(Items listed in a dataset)
Content starts

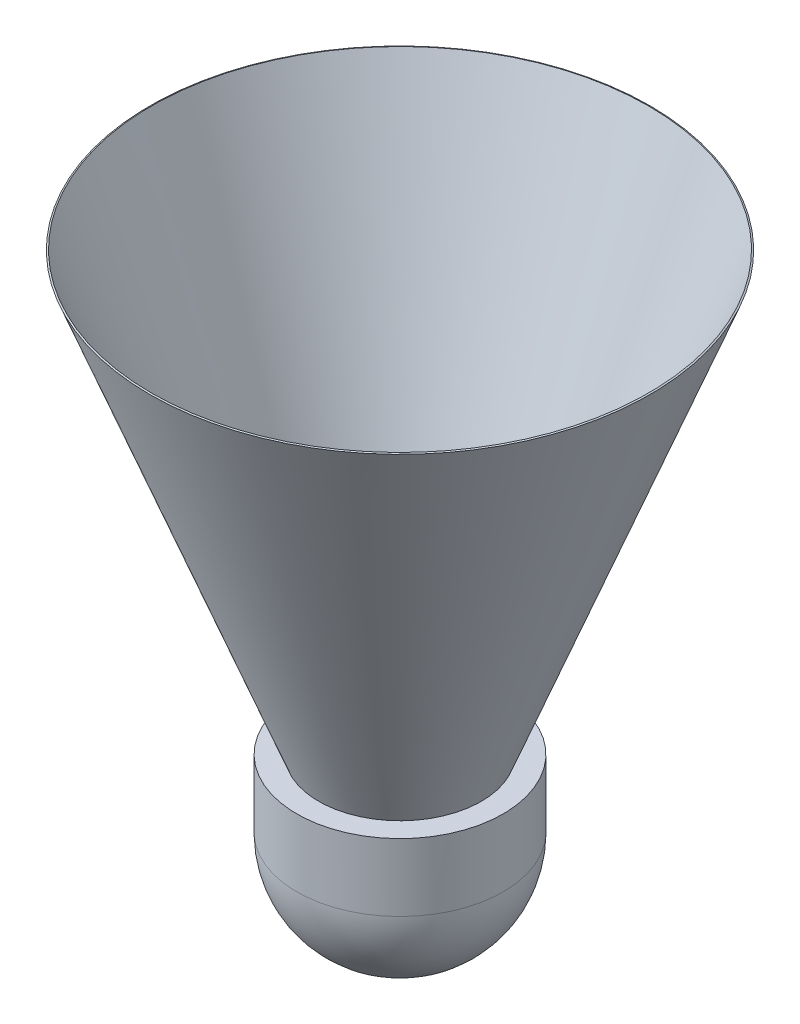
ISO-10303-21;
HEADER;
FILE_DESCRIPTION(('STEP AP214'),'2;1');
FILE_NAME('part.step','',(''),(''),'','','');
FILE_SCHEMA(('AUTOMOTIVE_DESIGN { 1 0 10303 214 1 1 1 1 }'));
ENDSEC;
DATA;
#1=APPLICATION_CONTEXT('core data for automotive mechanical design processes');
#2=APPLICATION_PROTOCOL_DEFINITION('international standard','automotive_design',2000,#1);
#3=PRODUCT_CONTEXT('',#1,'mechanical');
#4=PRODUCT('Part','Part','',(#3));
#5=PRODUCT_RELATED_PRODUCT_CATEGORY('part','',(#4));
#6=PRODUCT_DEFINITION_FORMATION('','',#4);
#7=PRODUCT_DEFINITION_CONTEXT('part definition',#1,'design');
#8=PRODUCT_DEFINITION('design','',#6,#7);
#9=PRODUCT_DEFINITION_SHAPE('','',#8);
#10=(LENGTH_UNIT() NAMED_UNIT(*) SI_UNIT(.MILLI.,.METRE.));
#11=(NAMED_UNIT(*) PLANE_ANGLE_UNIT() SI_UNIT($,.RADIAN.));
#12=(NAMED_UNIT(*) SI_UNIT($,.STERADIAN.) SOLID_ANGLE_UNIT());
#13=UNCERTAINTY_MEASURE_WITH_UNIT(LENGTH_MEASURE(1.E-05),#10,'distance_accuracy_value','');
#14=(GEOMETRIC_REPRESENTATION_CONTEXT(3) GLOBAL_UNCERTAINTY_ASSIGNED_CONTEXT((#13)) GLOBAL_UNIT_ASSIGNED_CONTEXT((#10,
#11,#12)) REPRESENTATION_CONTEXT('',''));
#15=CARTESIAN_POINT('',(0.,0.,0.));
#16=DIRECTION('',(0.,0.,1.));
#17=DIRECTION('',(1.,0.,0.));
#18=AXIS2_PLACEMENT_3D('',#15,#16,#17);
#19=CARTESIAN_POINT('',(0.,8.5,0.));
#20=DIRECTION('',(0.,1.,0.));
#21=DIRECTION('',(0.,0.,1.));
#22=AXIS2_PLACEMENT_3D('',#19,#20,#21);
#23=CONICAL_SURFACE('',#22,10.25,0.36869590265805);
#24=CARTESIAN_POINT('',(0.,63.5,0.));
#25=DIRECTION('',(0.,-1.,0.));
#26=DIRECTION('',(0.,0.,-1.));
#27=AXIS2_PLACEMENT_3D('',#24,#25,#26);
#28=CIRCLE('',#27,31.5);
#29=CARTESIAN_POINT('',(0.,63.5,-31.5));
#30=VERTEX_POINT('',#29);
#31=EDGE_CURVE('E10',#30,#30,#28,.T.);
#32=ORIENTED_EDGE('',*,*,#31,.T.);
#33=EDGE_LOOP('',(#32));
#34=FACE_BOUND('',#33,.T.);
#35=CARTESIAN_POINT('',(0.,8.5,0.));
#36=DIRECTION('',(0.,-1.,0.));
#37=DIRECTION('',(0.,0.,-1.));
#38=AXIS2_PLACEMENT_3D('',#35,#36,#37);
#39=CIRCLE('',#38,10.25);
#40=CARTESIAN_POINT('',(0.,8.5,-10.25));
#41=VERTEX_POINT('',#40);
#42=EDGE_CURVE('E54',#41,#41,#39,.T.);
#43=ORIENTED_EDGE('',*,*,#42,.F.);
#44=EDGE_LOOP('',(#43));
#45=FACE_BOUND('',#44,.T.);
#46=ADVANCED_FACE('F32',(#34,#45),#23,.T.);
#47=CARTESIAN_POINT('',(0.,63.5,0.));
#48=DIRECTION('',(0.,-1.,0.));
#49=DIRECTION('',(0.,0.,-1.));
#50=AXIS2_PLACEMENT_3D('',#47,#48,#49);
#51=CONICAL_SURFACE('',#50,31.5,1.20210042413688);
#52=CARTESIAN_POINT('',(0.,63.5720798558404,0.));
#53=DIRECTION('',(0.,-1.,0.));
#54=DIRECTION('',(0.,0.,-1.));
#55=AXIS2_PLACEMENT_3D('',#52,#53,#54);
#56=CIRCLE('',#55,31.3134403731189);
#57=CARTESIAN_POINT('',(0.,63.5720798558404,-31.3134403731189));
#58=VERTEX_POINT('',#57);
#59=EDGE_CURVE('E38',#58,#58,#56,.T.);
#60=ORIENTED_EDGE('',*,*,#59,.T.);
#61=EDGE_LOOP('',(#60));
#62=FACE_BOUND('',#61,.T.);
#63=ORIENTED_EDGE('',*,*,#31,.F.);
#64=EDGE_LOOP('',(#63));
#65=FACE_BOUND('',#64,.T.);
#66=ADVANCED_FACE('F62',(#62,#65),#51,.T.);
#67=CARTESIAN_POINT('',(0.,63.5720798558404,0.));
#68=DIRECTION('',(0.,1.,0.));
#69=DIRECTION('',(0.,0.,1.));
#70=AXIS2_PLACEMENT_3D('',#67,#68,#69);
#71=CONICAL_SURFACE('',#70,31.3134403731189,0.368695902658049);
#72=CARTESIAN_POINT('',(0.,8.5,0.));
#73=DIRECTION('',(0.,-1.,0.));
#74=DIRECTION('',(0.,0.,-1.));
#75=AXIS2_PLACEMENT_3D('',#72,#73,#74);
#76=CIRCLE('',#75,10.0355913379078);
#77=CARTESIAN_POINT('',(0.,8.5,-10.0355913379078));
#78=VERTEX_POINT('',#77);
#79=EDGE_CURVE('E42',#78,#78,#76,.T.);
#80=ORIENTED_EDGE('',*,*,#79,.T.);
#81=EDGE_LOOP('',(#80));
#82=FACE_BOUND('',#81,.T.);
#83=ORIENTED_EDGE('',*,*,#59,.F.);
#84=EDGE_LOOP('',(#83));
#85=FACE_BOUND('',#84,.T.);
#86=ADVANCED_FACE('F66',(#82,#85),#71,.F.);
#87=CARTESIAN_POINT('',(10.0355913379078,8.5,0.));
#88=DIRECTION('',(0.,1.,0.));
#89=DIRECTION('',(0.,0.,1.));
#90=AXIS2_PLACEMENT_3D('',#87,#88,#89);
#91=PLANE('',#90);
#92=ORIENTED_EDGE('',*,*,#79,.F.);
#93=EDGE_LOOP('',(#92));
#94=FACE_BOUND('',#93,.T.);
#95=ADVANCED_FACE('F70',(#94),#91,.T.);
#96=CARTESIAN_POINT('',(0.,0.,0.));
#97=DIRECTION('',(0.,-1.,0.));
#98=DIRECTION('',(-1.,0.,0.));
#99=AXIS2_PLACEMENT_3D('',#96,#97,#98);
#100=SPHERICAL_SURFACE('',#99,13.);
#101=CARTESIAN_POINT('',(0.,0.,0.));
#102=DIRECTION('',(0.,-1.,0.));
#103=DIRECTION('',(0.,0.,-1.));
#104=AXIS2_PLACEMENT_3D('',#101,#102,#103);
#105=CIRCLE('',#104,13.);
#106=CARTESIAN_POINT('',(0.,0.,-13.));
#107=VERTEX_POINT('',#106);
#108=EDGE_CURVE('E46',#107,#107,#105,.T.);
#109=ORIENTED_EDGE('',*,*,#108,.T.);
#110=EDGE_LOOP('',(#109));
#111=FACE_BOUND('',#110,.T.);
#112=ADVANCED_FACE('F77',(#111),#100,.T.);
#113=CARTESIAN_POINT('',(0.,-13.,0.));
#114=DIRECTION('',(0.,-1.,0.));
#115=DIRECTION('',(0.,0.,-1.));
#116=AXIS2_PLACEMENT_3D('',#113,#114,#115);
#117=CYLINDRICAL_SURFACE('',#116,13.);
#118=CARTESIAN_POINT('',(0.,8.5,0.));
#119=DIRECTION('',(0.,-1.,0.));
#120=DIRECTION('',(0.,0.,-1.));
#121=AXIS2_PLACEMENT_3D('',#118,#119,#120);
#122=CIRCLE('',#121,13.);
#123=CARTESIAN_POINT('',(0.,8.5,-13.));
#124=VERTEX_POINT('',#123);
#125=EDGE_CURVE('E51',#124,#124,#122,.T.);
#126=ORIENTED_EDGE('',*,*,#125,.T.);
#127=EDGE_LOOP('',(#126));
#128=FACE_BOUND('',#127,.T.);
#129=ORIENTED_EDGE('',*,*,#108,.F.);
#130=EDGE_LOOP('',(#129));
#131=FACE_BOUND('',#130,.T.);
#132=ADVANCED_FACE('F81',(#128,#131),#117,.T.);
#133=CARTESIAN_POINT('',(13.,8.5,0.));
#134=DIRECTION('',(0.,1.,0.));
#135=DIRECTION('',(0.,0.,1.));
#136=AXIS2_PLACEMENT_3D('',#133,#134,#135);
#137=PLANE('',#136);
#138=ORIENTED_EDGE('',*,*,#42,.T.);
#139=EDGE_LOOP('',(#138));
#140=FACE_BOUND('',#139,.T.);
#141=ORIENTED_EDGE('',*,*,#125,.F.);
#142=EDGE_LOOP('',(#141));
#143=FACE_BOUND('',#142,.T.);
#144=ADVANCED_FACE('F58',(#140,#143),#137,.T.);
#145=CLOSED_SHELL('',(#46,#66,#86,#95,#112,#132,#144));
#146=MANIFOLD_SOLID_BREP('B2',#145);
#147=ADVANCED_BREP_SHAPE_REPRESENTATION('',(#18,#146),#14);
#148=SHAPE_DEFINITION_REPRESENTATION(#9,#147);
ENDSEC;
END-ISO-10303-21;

Content ends

> _What is required_
There is a line with "#65=FACE_BOUND('',#64,.T.);" and a line with "#72=CARTESIAN_POINT('',(0.,8.5,0.));" above. Copy exactly those two lines and all lines between them, with nothing else.

> _Answer section_
#65=FACE_BOUND('',#64,.T.);
#66=ADVANCED_FACE('F62',(#62,#65),#51,.T.);
#67=CARTESIAN_POINT('',(0.,63.5720798558404,0.));
#68=DIRECTION('',(0.,1.,0.));
#69=DIRECTION('',(0.,0.,1.));
#70=AXIS2_PLACEMENT_3D('',#67,#68,#69);
#71=CONICAL_SURFACE('',#70,31.3134403731189,0.368695902658049);
#72=CARTESIAN_POINT('',(0.,8.5,0.));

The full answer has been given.